[Task instructions] With the line containing "blk = doc.blocks.new('*D1664')" as the start and the line containing "blk = doc.blocks.new('*D1695')" as the end, transcribe that span of the entries below exactly, including both.

[Record extracts]
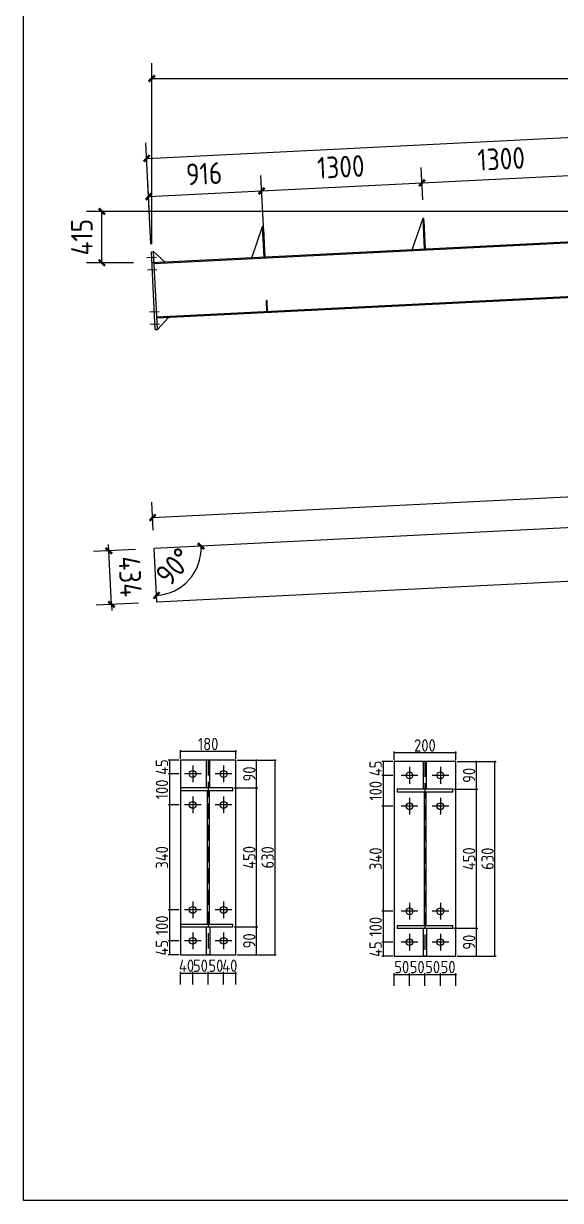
# Model space of a CAD drawing. Extents: x 102162 to 621267, y -39398 to 328893.
# Drawn here: x 414012 to 422704, y 254602 to 273649 of the extents above; entities that cross this region are included whole.
import ezdxf

# ---------------------------------------------------------------- set-up
doc = ezdxf.new("R2010")
doc.units = 0
doc.header["$LTSCALE"] = 1000
doc.header["$MEASUREMENT"] = 0
doc.linetypes.add('DASH', pattern=[0.35, 0.25, -0.1])
doc.layers.add('DOTE', color=1, linetype='Continuous')
doc.styles.get("Standard").update_dxf_attribs({"font": 'gbenor.shx', "bigfont": 'gbcbig.shx'})
doc.dimstyles.get("Standard").update_dxf_attribs({"dimscale": 100, "dimtxt": 3.5, "dimasz": 1, "dimexe": 2.5, "dimexo": 3, "dimgap": 1.5, "dimtad": 1, "dimdec": 0, "dimzin": 0, "dimdsep": 46, "dimtxsty": 'Standard', "dimblk": 'ARCHTICK', "dimcen": 0.09, "dimadec": 0, "dimazin": 0, "dimtfac": 1, "dimtdec": 0, "dimtix": 1, "dimtmove": 2, "dimatfit": 3, "dimfxl": 1, "dimtolj": 1, "dimtzin": 0, "dimarcsym": 0})

# ---------------------------------------------------------------- blocks, each defined once
blk = doc.blocks.new('_ArchTick')
at = {"color": 0, "linetype": 'ByBlock', "const_width": 0.4}
blk.add_lwpolyline([(-0.5, -0.5), (0.5, 0.5)], dxfattribs=at)
blk = doc.blocks.new('*D1694')
at = {"color": 0, "lineweight": -2}
for p, q in [((432390, 270607), (415031, 270607)), ((415281, 269777), (415281, 270607)), ((415790, 269777), (415031, 269777))]:
    blk.add_line(p, q, dxfattribs=at)
at = {"layer": 'Defpoints', "color": 0}
for p in [(415281, 270607), (432690, 270607), (416090, 269777)]:
    blk.add_point(p, dxfattribs=at)
at = {"color": 0, "lineweight": -2, "xscale": 100, "yscale": 100, "zscale": 100}
for p, rotation in [((415281, 270607), 90), ((415281, 269777), 270)]:
    blk.add_blockref('_ArchTick', p, dxfattribs=dict(at, rotation=rotation))
at = {"color": 0, "insert": (414956, 270192), "char_height": 350, "attachment_point": 5, "rotation": 90}
blk.add_mtext('\\A1;415', dxfattribs=at)
blk = doc.blocks.new('*D1663')
at = {"color": 0, "lineweight": -2}
for p, q in [((416090, 270077), (416090, 273010)), ((432690, 270907), (432690, 273010)), ((416090, 272760), (432690, 272760))]:
    blk.add_line(p, q, dxfattribs=at)
at = {"layer": 'Defpoints', "color": 0}
for p in [(432690, 272760), (432690, 270607), (416090, 269777)]:
    blk.add_point(p, dxfattribs=at)
at = {"color": 0, "lineweight": -2, "xscale": 100, "yscale": 100, "zscale": 100, "rotation": 180}
blk.add_blockref('_ArchTick', (416090, 272760), dxfattribs=at)
at = {"color": 0, "lineweight": -2, "xscale": 100, "yscale": 100, "zscale": 100}
blk.add_blockref('_ArchTick', (432690, 272760), dxfattribs=at)
at = {"color": 0, "insert": (424390, 273085), "char_height": 350, "attachment_point": 5}
blk.add_mtext('\\A1;8300', dxfattribs=at)
blk = doc.blocks.new('*D1664')
at = {"color": 0, "lineweight": -2}
for p, q in [((432675, 270906), (432593, 272547)), ((416006, 271467), (432606, 272297)), ((416075, 270076), (415993, 271717))]:
    blk.add_line(p, q, dxfattribs=at)
at = {"layer": 'Defpoints', "color": 0}
for p in [(432606, 272297), (432690, 270607), (416090, 269777)]:
    blk.add_point(p, dxfattribs=at)
at = {"color": 0, "lineweight": -2, "xscale": 100, "yscale": 100, "zscale": 100}
for p, rotation in [((432606, 272297), 2.862405226111732), ((416006, 271467), 182.8624052261118)]:
    blk.add_blockref('_ArchTick', p, dxfattribs=dict(at, rotation=rotation))
at = {"color": 0, "insert": (424289, 272207), "char_height": 350, "attachment_point": 5, "rotation": 2.8624}
blk.add_mtext('\\A1;8310', dxfattribs=at)
blk = doc.blocks.new('*D1695')
at = {"color": 0, "lineweight": -2}
for p, q in [((416075, 270076), (416024, 271098)), ((417905, 270168), (417854, 271190)), ((416037, 270848), (417866, 270940))]:
    blk.add_line(p, q, dxfattribs=at)
at = {"layer": 'Defpoints', "color": 0}
for p in [(417866, 270940), (416090, 269777), (417920, 269868)]:
    blk.add_point(p, dxfattribs=at)
at = {"color": 0, "lineweight": -2, "xscale": 100, "yscale": 100, "zscale": 100}
for p, rotation in [((416037, 270848), 182.8624052260992), ((417866, 270940), 2.862405226099201)]:
    blk.add_blockref('_ArchTick', p, dxfattribs=dict(at, rotation=rotation))
at = {"color": 0, "insert": (416935, 271219), "char_height": 350, "attachment_point": 5, "rotation": 2.8624}
blk.add_mtext('\\A1;916', dxfattribs=at)
blk = doc.blocks.new('*D1696')
at = {"color": 0, "lineweight": -2}
for p, q in [((420477, 270797), (420451, 271319)), ((417905, 270168), (417854, 271190)), ((417866, 270940), (420463, 271070))]:
    blk.add_line(p, q, dxfattribs=at)
at = {"layer": 'Defpoints', "color": 0}
for p in [(420463, 271070), (420492, 270497), (417920, 269868)]:
    blk.add_point(p, dxfattribs=at)
at = {"color": 0, "lineweight": -2, "xscale": 100, "yscale": 100, "zscale": 100}
for p, rotation in [((420463, 271070), 2.862405226257479), ((417866, 270940), 182.8624052262575)]:
    blk.add_blockref('_ArchTick', p, dxfattribs=dict(at, rotation=rotation))
at = {"color": 0, "insert": (419148, 271329), "char_height": 350, "attachment_point": 5, "rotation": 2.8624}
blk.add_mtext('\\A1;1300', dxfattribs=at)
blk = doc.blocks.new('*D1697')
at = {"color": 0, "lineweight": -2}
for p, q in [((423073, 270927), (423047, 271449)), ((420477, 270797), (420451, 271319)), ((420463, 271070), (423060, 271200))]:
    blk.add_line(p, q, dxfattribs=at)
at = {"layer": 'Defpoints', "color": 0}
for p in [(423060, 271200), (420492, 270497), (423088, 270627)]:
    blk.add_point(p, dxfattribs=at)
at = {"color": 0, "lineweight": -2, "xscale": 100, "yscale": 100, "zscale": 100}
for p, rotation in [((423060, 271200), 2.862405226257479), ((420463, 271070), 182.8624052262575)]:
    blk.add_blockref('_ArchTick', p, dxfattribs=dict(at, rotation=rotation))
at = {"color": 0, "insert": (421745, 271459), "char_height": 350, "attachment_point": 5, "rotation": 2.8624}
blk.add_mtext('\\A1;1300', dxfattribs=at)
blk = doc.blocks.new('*D1702')
at = {"color": 0, "lineweight": -2}
for p, q in [((432640, 266279), (432618, 266729)), ((416102, 265653), (432630, 266479)), ((416112, 265452), (416089, 265902))]:
    blk.add_line(p, q, dxfattribs=at)
at = {"layer": 'Defpoints', "color": 0}
for p in [(432630, 266479), (432655, 265979), (416127, 265153)]:
    blk.add_point(p, dxfattribs=at)
at = {"color": 0, "lineweight": -2, "xscale": 100, "yscale": 100, "zscale": 100}
for p, rotation in [((432630, 266479), 2.86240522611191), ((416102, 265653), 182.8624052261119)]:
    blk.add_blockref('_ArchTick', p, dxfattribs=dict(at, rotation=rotation))
at = {"color": 0, "insert": (424349, 266402), "char_height": 350, "attachment_point": 5, "rotation": 2.8624}
blk.add_mtext('\\A1;腹板、翼板 8274', dxfattribs=at)
blk = doc.blocks.new('*D1703')
at = {"color": 0, "lineweight": -2}
for p, q in [((415392, 265116), (415387, 265216)), ((415827, 265138), (415142, 265103)), ((415435, 264249), (415392, 265116)), ((415871, 264271), (415185, 264237)), ((415435, 264249), (415440, 264149))]:
    blk.add_line(p, q, dxfattribs=at)
at = {"layer": 'Defpoints', "color": 0}
for p in [(416127, 265153), (415392, 265116), (416170, 264286)]:
    blk.add_point(p, dxfattribs=at)
at = {"color": 0, "lineweight": -2, "xscale": 100, "yscale": 100, "zscale": 100}
for p, rotation in [((415392, 265116), 272.86240522611), ((415435, 264249), 92.86240522611001)]:
    blk.add_blockref('_ArchTick', p, dxfattribs=dict(at, rotation=rotation))
at = {"color": 0, "insert": (415738, 264699), "char_height": 350, "attachment_point": 5, "rotation": 272.8624}
blk.add_mtext('\\A1;434', dxfattribs=at)
blk = doc.blocks.new('*D1704')
at = {"color": 0, "lineweight": -2}
blk.add_arc((416127, 265153), 759, 272.8624, 2.8624, dxfattribs=at)
at = {"layer": 'Defpoints', "color": 0}
for p in [(432655, 265979), (416127, 265153), (416127, 265153), (416539, 264515), (416170, 264286)]:
    blk.add_point(p, dxfattribs=at)
at = {"color": 0, "lineweight": -2, "xscale": 100, "yscale": 100, "zscale": 100}
for p, rotation in [((416885, 265191), 92.86240522611183), ((416165, 264394), 182.8624052261123)]:
    blk.add_blockref('_ArchTick', p, dxfattribs=dict(at, rotation=rotation))
at = {"color": 0, "insert": (416449, 264861), "char_height": 350, "attachment_point": 5, "rotation": 47.8624}
blk.add_mtext('\\A1;90°', dxfattribs=at)
blk = doc.blocks.new('*D1705')
at = {"color": 0, "lineweight": -2}
blk.add_arc((432655, 265979), 665, 182.8624, 272.8624, dxfattribs=at)
at = {"layer": 'Defpoints', "color": 0}
for p in [(432655, 265979), (432655, 265979), (432096, 265618), (416127, 265153), (432698, 265112)]:
    blk.add_point(p, dxfattribs=at)
at = {"color": 0, "lineweight": -2, "xscale": 100, "yscale": 100, "zscale": 100}
for p, rotation in [((431991, 265946), 92.86240522611186), ((432688, 265315), 2.862405226109512)]:
    blk.add_blockref('_ArchTick', p, dxfattribs=dict(at, rotation=rotation))
at = {"color": 0, "insert": (432427, 265727), "char_height": 350, "attachment_point": 5, "rotation": 317.8624}
blk.add_mtext('\\A1;90°', dxfattribs=at)
blk = doc.blocks.new('*D1665')
at = {"color": 0, "lineweight": -2}
for p, q in [((416551, 258099), (416551, 258301)), ((416751, 258099), (416751, 258301)), ((416551, 258281), (416541, 258281)), ((416551, 258281), (416751, 258281)), ((416751, 258281), (416761, 258281))]:
    blk.add_line(p, q, dxfattribs=at)
at = {"layer": 'Defpoints', "color": 0}
for p in [(416751, 258281), (416551, 258079), (416751, 258079)]:
    blk.add_point(p, dxfattribs=at)
at = {"color": 0, "lineweight": -2, "xscale": 10, "yscale": 10, "zscale": 10}
blk.add_blockref('_ArchTick', (416551, 258281), dxfattribs=at)
at = {"color": 0, "lineweight": -2, "xscale": 10, "yscale": 10, "zscale": 10, "rotation": 180}
blk.add_blockref('_ArchTick', (416751, 258281), dxfattribs=at)
at = {"color": 0, "insert": (416651, 258401), "char_height": 200, "attachment_point": 5}
blk.add_mtext('\\A1;40', dxfattribs=at)
blk = doc.blocks.new('*D1666')
at = {"color": 0, "lineweight": -2}
for p, q in [((416751, 258099), (416751, 258301)), ((417001, 258099), (417001, 258301)), ((416741, 258281), (417011, 258281))]:
    blk.add_line(p, q, dxfattribs=at)
at = {"layer": 'Defpoints', "color": 0}
for p in [(417001, 258281), (416751, 258079), (417001, 258079)]:
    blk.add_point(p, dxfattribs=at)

[Exercise output]
blk = doc.blocks.new('*D1664')
at = {"color": 0, "lineweight": -2}
for p, q in [((432675, 270906), (432593, 272547)), ((416006, 271467), (432606, 272297)), ((416075, 270076), (415993, 271717))]:
    blk.add_line(p, q, dxfattribs=at)
at = {"layer": 'Defpoints', "color": 0}
for p in [(432606, 272297), (432690, 270607), (416090, 269777)]:
    blk.add_point(p, dxfattribs=at)
at = {"color": 0, "lineweight": -2, "xscale": 100, "yscale": 100, "zscale": 100}
for p, rotation in [((432606, 272297), 2.862405226111732), ((416006, 271467), 182.8624052261118)]:
    blk.add_blockref('_ArchTick', p, dxfattribs=dict(at, rotation=rotation))
at = {"color": 0, "insert": (424289, 272207), "char_height": 350, "attachment_point": 5, "rotation": 2.8624}
blk.add_mtext('\\A1;8310', dxfattribs=at)
blk = doc.blocks.new('*D1695')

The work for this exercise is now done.